O tema da redação do Enem 2024 — um outdoor que indica a direção do direito sociocultural — trouxe sol num cenário de outono: o sol da razão e da maturidade. Uma notícia brilhante ecoou no país de norte a sul: “desafios para a valorização da herança africana no Brasil”. Sim, há desafios a serem vencidos. Desafios (no plural) é uma palavra que não assusta mais. Não há o que temer, a luta por uma quebra de invisibilidade cultural é um caminho a ser percorrido por todos nós que entendemos a gênesis do povo brasileiro. Já podemos rasgar o rascunho porque a escrita de um Brasil passado a limpo já havia começado e se solidificou domingo com a caneta.
Pensar em milhões de jovens produzindo textos a partir de uma reflexão legítima sobre direito cultural é espetacular. Há muita vida a ser produzida e resgate cultural nas páginas que orientam um entendimento digno que havia sido negado, uma herança que precisa ser compartilhada porque é legal, é legítima e é motivo de esperança para um futuro melhor. Um futuro com promessas de equidade é a base de uma proposta de intervenção saudável contra todo tipo de racismo e alijamento cultural. Escrever com o objetivo de saudar um novo tempo que se apresenta no contexto social brasileiro cancela as parcelas de invisibilidades de um povo que sou eu, que somos nós.

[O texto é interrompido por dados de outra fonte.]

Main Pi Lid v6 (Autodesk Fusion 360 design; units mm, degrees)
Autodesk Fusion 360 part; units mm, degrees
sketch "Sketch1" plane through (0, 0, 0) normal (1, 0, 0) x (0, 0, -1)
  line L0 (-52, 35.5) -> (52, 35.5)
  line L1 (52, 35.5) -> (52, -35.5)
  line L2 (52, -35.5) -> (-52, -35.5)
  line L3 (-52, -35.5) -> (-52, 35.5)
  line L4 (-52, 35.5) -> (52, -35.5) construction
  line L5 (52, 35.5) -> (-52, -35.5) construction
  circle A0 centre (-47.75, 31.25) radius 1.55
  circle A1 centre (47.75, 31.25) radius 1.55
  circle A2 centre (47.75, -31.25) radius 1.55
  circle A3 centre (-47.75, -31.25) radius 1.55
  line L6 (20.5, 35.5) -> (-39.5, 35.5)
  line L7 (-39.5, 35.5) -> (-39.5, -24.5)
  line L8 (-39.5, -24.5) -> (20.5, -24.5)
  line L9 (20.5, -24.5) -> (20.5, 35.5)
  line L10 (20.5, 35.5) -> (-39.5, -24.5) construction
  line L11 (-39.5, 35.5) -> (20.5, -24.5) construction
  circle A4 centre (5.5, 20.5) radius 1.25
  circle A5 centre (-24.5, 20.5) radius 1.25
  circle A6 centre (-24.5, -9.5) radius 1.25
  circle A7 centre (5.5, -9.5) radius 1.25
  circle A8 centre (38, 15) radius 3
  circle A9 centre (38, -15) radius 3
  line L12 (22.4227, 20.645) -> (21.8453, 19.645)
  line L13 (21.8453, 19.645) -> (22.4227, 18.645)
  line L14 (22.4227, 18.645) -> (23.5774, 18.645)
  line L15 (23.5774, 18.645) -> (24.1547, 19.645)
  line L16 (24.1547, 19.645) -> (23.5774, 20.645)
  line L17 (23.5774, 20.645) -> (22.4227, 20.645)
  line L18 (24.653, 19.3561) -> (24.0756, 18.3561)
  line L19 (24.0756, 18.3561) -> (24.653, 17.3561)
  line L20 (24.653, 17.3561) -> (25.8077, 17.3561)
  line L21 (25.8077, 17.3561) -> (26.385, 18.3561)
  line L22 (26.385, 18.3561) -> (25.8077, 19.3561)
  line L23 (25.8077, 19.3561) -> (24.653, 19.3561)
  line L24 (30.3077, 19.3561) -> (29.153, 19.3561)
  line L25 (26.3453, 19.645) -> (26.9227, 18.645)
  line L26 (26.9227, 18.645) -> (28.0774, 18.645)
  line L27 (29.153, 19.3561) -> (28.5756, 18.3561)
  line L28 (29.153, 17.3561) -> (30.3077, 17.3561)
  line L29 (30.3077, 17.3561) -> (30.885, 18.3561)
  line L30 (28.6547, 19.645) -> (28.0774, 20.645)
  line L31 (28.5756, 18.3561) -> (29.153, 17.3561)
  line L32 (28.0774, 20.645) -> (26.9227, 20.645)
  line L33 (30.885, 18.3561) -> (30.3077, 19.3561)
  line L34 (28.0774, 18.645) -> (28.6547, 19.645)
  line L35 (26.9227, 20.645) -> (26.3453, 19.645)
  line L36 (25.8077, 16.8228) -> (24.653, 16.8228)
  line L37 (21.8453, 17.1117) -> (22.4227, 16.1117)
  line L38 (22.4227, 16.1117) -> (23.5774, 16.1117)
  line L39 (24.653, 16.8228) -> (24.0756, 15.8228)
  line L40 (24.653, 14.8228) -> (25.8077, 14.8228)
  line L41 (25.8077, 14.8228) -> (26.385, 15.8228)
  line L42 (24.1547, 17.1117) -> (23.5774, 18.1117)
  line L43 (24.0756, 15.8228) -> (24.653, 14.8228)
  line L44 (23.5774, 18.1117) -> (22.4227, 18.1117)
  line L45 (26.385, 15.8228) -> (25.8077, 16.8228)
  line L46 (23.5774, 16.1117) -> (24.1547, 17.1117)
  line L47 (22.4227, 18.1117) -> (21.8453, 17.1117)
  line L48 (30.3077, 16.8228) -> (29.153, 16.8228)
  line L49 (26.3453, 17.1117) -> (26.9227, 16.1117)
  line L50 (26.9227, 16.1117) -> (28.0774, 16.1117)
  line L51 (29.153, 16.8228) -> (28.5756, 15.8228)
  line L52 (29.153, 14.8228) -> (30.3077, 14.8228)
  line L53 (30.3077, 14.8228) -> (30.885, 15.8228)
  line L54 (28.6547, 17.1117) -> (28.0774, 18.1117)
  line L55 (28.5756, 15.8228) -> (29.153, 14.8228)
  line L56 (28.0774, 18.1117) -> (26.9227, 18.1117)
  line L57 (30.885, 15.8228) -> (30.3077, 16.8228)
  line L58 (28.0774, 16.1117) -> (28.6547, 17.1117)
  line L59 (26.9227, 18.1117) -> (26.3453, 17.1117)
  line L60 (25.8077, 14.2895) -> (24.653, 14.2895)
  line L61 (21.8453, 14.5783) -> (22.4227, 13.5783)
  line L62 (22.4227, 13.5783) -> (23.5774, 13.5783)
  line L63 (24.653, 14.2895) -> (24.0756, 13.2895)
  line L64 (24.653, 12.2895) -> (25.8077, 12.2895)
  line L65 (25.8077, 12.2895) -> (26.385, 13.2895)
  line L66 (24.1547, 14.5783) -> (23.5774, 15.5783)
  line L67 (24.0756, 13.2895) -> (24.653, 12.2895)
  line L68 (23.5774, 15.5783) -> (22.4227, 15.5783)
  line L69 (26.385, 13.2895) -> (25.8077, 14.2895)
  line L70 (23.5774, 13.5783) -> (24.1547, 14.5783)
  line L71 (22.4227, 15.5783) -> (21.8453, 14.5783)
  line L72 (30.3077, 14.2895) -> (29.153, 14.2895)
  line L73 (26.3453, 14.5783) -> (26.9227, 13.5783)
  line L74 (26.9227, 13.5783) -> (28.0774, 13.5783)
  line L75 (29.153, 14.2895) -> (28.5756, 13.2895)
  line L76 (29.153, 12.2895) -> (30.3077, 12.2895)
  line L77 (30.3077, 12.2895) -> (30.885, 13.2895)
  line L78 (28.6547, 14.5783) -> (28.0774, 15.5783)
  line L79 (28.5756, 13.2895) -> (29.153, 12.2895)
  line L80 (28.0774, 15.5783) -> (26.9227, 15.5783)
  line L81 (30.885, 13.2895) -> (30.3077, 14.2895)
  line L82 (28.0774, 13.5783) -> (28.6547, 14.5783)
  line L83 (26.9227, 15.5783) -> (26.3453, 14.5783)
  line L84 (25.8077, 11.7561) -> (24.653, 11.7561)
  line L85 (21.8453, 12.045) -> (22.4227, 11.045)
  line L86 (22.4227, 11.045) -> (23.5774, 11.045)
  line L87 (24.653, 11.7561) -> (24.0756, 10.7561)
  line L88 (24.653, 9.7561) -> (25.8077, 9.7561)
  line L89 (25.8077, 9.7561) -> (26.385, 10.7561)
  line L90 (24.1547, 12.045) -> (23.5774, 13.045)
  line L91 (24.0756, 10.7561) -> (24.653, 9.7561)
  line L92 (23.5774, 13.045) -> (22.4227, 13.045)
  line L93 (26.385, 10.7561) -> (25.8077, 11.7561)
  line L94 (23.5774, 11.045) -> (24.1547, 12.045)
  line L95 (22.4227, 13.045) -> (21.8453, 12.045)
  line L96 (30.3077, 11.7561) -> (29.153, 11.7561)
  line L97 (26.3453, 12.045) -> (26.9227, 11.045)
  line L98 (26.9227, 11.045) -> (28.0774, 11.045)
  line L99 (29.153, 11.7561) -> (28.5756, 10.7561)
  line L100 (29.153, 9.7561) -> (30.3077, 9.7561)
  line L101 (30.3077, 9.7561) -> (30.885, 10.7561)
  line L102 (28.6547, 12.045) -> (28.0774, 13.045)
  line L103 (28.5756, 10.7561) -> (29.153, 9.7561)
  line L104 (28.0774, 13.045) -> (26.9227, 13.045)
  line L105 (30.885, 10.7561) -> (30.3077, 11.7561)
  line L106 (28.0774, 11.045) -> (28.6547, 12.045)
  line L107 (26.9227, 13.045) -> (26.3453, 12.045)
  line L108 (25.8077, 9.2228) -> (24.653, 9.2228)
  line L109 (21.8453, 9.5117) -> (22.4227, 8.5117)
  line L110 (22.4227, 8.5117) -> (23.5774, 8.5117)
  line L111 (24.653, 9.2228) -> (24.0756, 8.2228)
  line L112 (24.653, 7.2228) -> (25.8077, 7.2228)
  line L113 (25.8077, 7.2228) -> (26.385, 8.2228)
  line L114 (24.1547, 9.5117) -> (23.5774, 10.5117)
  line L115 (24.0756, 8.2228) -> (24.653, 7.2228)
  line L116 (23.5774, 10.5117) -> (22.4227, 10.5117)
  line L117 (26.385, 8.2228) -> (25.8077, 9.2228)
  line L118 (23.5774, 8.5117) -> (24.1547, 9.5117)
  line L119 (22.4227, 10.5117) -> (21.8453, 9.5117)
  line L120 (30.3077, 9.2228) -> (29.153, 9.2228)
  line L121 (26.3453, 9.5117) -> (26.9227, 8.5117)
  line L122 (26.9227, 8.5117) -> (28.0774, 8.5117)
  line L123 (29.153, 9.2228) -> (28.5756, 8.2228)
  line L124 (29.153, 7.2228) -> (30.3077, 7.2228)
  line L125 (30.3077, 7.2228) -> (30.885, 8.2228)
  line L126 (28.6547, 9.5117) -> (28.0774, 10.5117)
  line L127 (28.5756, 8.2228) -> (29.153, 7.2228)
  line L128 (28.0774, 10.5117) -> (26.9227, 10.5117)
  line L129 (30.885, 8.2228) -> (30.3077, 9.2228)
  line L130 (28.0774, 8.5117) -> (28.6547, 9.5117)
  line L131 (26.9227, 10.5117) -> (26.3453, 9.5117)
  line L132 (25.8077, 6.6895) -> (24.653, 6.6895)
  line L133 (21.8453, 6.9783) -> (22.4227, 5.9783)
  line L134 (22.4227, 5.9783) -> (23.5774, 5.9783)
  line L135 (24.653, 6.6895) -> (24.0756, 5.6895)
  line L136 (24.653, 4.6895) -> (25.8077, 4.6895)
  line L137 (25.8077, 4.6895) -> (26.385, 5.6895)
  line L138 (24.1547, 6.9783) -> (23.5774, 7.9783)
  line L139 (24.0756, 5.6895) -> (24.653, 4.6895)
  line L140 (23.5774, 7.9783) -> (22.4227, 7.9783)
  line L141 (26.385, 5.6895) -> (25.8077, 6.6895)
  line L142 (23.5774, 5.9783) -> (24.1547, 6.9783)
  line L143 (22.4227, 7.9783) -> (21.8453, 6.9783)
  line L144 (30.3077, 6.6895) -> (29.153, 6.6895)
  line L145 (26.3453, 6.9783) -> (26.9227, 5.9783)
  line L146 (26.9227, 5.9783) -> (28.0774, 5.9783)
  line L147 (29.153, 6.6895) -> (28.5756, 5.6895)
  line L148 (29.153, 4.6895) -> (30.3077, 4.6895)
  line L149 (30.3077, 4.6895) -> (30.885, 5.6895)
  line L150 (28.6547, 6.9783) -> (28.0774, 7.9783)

Os “desafios para a valorização da herança africana no Brasil” permitem-nos refletir seriamente sobre os valores que estão na base de nossa origem, do nosso sangue e de “quem foi de aço nos anos de chumbo”. Desafios anunciados na voz do poeta que não entendia, não aceitava a presença de navios com correntes. Desafios que estão prenhes de superação porque também apontam a força do Brasil de Castro Alves.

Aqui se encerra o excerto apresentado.